Israeli military unit

The 105 Squadron of the Israeli Air Force, also known as The Scorpion, operates F-16Ds from Ramat David Airbase.

== History ==
The squadron was founded in December 1950 as a Spitfire squadron. It has since operated the P-51 Mustang, Dassault Super Mystere, IAI Sa'ar, and the F-4 Phantom II.

The fifth and last Israeli Air Force F-4E Kurnass squadron, 105 was activated at Hatzor on March 31, 1975, under the command of Shmuel Gordon. The Scorpion received its mounts under Peace Echo V deliveries, flying the IAF's newest aircraft and latest blocks, and was soon the first IAF Squadron to introduce the AGM-78 Purple Fist anti-radiation missile. It flew its first operational bombing mission, against a PLO base in Lebanon, in September 1977.
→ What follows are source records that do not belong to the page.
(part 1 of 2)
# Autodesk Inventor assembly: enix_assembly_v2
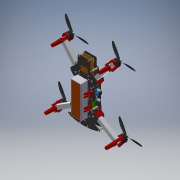
[picture p0: Inventor's stored thumbnail of the model, 180x180]
Saved by Autodesk Inventor 2016 (Build 200138000, 138)
## iProperties
Created: 2016-09-22
Part Number: enix_assembly_v2
Document SubType Name: Assembly
Designer: Jakub
Mass: 900.704 g
Surface Area: 2958.68 cm^2
Volume: 363.924 cm^3
Density: 2.47498 g/cm^3
Author: Jakub
## Documents named in this file (32)
- C:\Users\Jakub\Documents\DATA BANK\Projekty\Dron\Enix\V4\enix_assembly_v4.iam
- C:\Users\Jakub\Documents\DATA BANK\Projekty\Dron\Enix\V4\baseplate.ipt
- C:\Users\Jakub\Documents\DATA BANK\Projekty\Dron\Enix\V4\dist25mm.ipt
- C:\Users\Jakub\Documents\Inventor\Content Center Files\R2016\en-US\AS 1427(04)\AS 1427 - M2 x 8(5) I.ipt
- C:\Users\Jakub\Documents\Inventor\Content Center Files\R2016\en-US\AS 1112 (2)\AS 1112 - M2  Type 5.ipt
- C:\Users\Jakub\Documents\DATA BANK\Projekty\Dron\Enix\V4\top_plate.ipt
- C:\Users\Jakub\Documents\Inventor\Content Center Files\R2016\en-US\AS 1427(05)\AS 1427 - M3 x 5(5) II.ipt
- C:\Users\Jakub\Documents\DATA BANK\Projekty\Dron\Enix\V4\regulator.ipt
- C:\Users\Jakub\Documents\DATA BANK\Projekty\Dron\Enix\V4\dist10mmM2.ipt
- C:\Users\Jakub\Documents\DATA BANK\Projekty\Dron\Enix\V4\RASPBERRY PI 3.ipt
- C:\Users\Jakub\Documents\DATA BANK\Projekty\Dron\Enix\V4\dist5mmM2.ipt
- C:\Users\Jakub\Documents\DATA BANK\Projekty\Dron\Enix\V4\cam_holder.ipt
- C:\Users\Jakub\Documents\DATA BANK\Projekty\Dron\Enix\V4\arm_front_rect.ipt
- C:\Users\Jakub\Documents\DATA BANK\Projekty\Dron\Enix\V4\arm_back_rect.ipt
- C:\Users\Jakub\Documents\DATA BANK\Projekty\Dron\Enix\V4\motor_mount.ipt
- C:\Users\Jakub\Documents\DATA BANK\Projekty\Dron\Enix\V4\motor_mount_lock.ipt
- C:\Users\Jakub\Documents\DATA BANK\Projekty\Dron\Enix\V4\Emax Rs2205 v1.ipt
- C:\Users\Jakub\Documents\DATA BANK\Projekty\Dron\Enix\V4\5x3_prop.ipt
- C:\Users\Jakub\Documents\DATA BANK\Projekty\Dron\Enix\V4\logic_conventer_lock.ipt
- C:\Users\Jakub\Documents\DATA BANK\Projekty\Dron\Enix\V4\altimuv3.iam
- C:\Users\Jakub\Documents\DATA BANK\Projekty\Dron\Enix\V4\kamamiLogicVoltageConverter\converter.iam
- C:\Users\Jakub\Documents\DATA BANK\Projekty\Dron\Enix\V4\kamamiTransformer\transformer.iam
- C:\Users\Jakub\Documents\DATA BANK\Projekty\Dron\Enix\V4\battery_distancer.ipt
- C:\Users\Jakub\Documents\DATA BANK\Projekty\Dron\Enix\V4\battery_vant_4500_4s.ipt
- C:\Users\Jakub\Documents\DATA BANK\Projekty\Dron\Enix\V4\arm_socket_l.ipt
- C:\Users\Jakub\Documents\DATA BANK\Projekty\Dron\Enix\V4\arm_socket_r.ipt
- C:\Users\Jakub\Documents\Inventor\Content Center Files\R2016\en-US\AS 1427(04)\AS 1427 - M2 x 12(5) I.ipt
- C:\Users\Jakub\Documents\Inventor\Content Center Files\R2016\en-US\AS 1427(05)\AS 1427 - M3 x 10(5) II.ipt
- C:\Users\Jakub\Documents\Inventor\Content Center Files\R2016\en-US\ANSI B18.2.4.2M\ANSI B18.2.4.2M - M3x0,5 - 5,5.ipt
- C:\Users\Jakub\Documents\Inventor\Content Center Files\R2016\en-US\AS 1427(05)\AS 1427 - M3 x 30(5) II.ipt
- C:\Users\Jakub\Documents\DATA BANK\Projekty\Dron\Enix\V4\transformer_mount_new.ipt
- C:\Users\Jakub\Documents\DATA BANK\Projekty\Dron\Enix\V4\kamera.ipt
## Components (243 placed, 31 different names)
1. baseplate:1 — Mate:20, Mate:21, Mate:22, Mate:23, Mate:24, Mate:25, Mate:26, Mate:27, Mate:28, Mate:29, Mate:30, Mate:31, Mate:64, Mate:65, Mate:66, Mate:67, Mate:68, Mate:69, Mate:70, Mate:71, Mate:156, Mate:157, Mate:158, Mate:159, Mate:160, Mate:161, Mate:162, Mate:163, Mate:164, Mate:165, Mate:166, Mate:167, Mate:168, Mate:169, Mate:170, Mate:171, Mate:172, Mate:173, Mate:174, Mate:175, Mate:280, Mate:281, Mate:282, Mate:283, Mate:284, Mate:285, Mate:298, Mate:299, Mate:300, Mate:313, Mate:314, Mate:315, Mate:328, Mate:329, Mate:409, Mate:410, Mate:415, Mate:417, Mate:418, Mate:428, Mate:443, Mate:444, Mate:445, Mate:446, Mate:447, Mate:448, Mate:449, Mate:450, Mate:451, Mate:452, Mate:453, Mate:454, Mate:528, Mate:530, Mate:532, Mate:533, Mate:534, Mate:535, Mate:536, Mate:537, Mate:538, Mate:539, Mate:540, Mate:541, Mate:542, Mate:543, Mate:544, Mate:545, Mate:574, Mate:575, Angle:9, Mate:576, Mate:577, Angle:10, Mate:584, Mate:585, Angle:11, Mate:586, Mate:587, Angle:12, Mate:712, Mate:713, Mate:724, Mate:725, Mate:732, Mate:733, Mate:738, Mate:740, Mate:752, Mate:753, Mate:756, Mate:757, Mate:758, Mate:795, Mate:796, Mate:797, Mate:805, Mate:807, Mate:817, Mate:818, Mate:819, Mate:827, Mate:830
2. dist25mm:1 — Mate:20, Mate:23
3. dist25mm:2 — Mate:21, Mate:22
4. dist25mm:3 — Mate:27, Mate:28
5. dist25mm:4 — Mate:26, Mate:29
6. dist25mm:5 — Mate:25, Mate:30
7. dist25mm:6 — Mate:24, Mate:31, Mate:72, Mate:73
8. dist25mm:7 — Mate:68, Mate:69
9. dist25mm:8 — Mate:70, Mate:71, Mate:74
10. dist25mm:9 — Mate:66, Mate:67, Mate:75
11. dist25mm:10 — Mate:64, Mate:65
12. top_plate:1 — Mate:72, Mate:73, Mate:74, Mate:75, Mate:136, Mate:137, Mate:138, Mate:139, Mate:140, Mate:141, Mate:142, Mate:143, Mate:144, Mate:145, Mate:146, Mate:147, Mate:148, Mate:149, Mate:150, Mate:151, Mate:152, Mate:153, Mate:154, Mate:155, Mate:219, Mate:220, Mate:221, Mate:222, Mate:223, Mate:224, Mate:225, Mate:226, Mate:249, Mate:250, Mate:251, Mate:252, Mate:419, Mate:420, Mate:421, Mate:422, Mate:425, Mate:426, Mate:484, Mate:485, Mate:680, Mate:681, Mate:682, Mate:683, Mate:690, Mate:691, Mate:692, Mate:693, Mate:696, Mate:697, Mate:701, Mate:702, Mate:704, Mate:705, Mate:708, Mate:709, Mate:744, Mate:745, Mate:746, Mate:747, Mate:748, Mate:749, Mate:750, Mate:751
13. AS 1427 H - Metric M3 x 5:1 — Mate:137, Mate:145
14. AS 1427 H - Metric M3 x 5:2 — Mate:138, Mate:146
15. AS 1427 H - Metric M3 x 5:3 — Mate:154, Mate:155
16. AS 1427 H - Metric M3 x 5:4 — Mate:144, Mate:153
17. AS 1427 H - Metric M3 x 5:5 — Mate:143, Mate:151
18. AS 1427 H - Metric M3 x 5:6 — Mate:142, Mate:152
19. AS 1427 H - Metric M3 x 5:7 — Mate:141, Mate:149
20. AS 1427 H - Metric M3 x 5:8 — Mate:140, Mate:148
21. AS 1427 H - Metric M3 x 5:9 — Mate:139, Mate:147
22. AS 1427 H - Metric M3 x 5:10 — Mate:136, Mate:150
23. AS 1427 H - Metric M3 x 5:11 — Mate:165, Mate:166
24. AS 1427 H - Metric M3 x 5:12 — Mate:164, Mate:167
25. AS 1427 H - Metric M3 x 5:13 — Mate:163, Mate:168
26. AS 1427 H - Metric M3 x 5:14 — Mate:162, Mate:169
27. AS 1427 H - Metric M3 x 5:15 — Mate:161, Mate:170
28. AS 1427 H - Metric M3 x 5:16 — Mate:160, Mate:171
29. AS 1427 H - Metric M3 x 5:17 — Mate:159, Mate:172
30. AS 1427 H - Metric M3 x 5:18 — Mate:158, Mate:173
31. AS 1427 H - Metric M3 x 5:19 — Mate:157, Mate:175
32. AS 1427 H - Metric M3 x 5:20 — Mate:156, Mate:174
33. RASPBERRY PI 3:1 — Mate:227, Mate:228, Mate:229, Mate:230, Mate:243, Mate:244, Mate:245, Mate:246
34. dist5mmM2:2 — Mate:221, Mate:225, Mate:228, Mate:240, Mate:253
35. dist5mmM2:3 — Mate:220, Mate:226, Mate:227, Mate:229, Mate:241, Mate:256
36. dist5mmM2:4 — Mate:219, Mate:223, Mate:230, Mate:242, Mate:255
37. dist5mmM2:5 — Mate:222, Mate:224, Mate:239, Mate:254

The squadron flew 335 sorties during the 1982 Lebanon War, primarily in the SEAD and close air support roles, and participated in operation Mole Cricket 19. The squadron scored the war's sole F-4E kill, when Ben-Ami Peri and David Oakman shot down a Syrian Air Force MiG-21 on June 11. 105 Squadron Phantoms were distinguished by a red arrow along both sides of their fuselage, initially solid red but later white with red outlines.

The squadron was disbanded in 1987 following IAF budget cuts.

The squadron won the 2009 "Skewer" competition.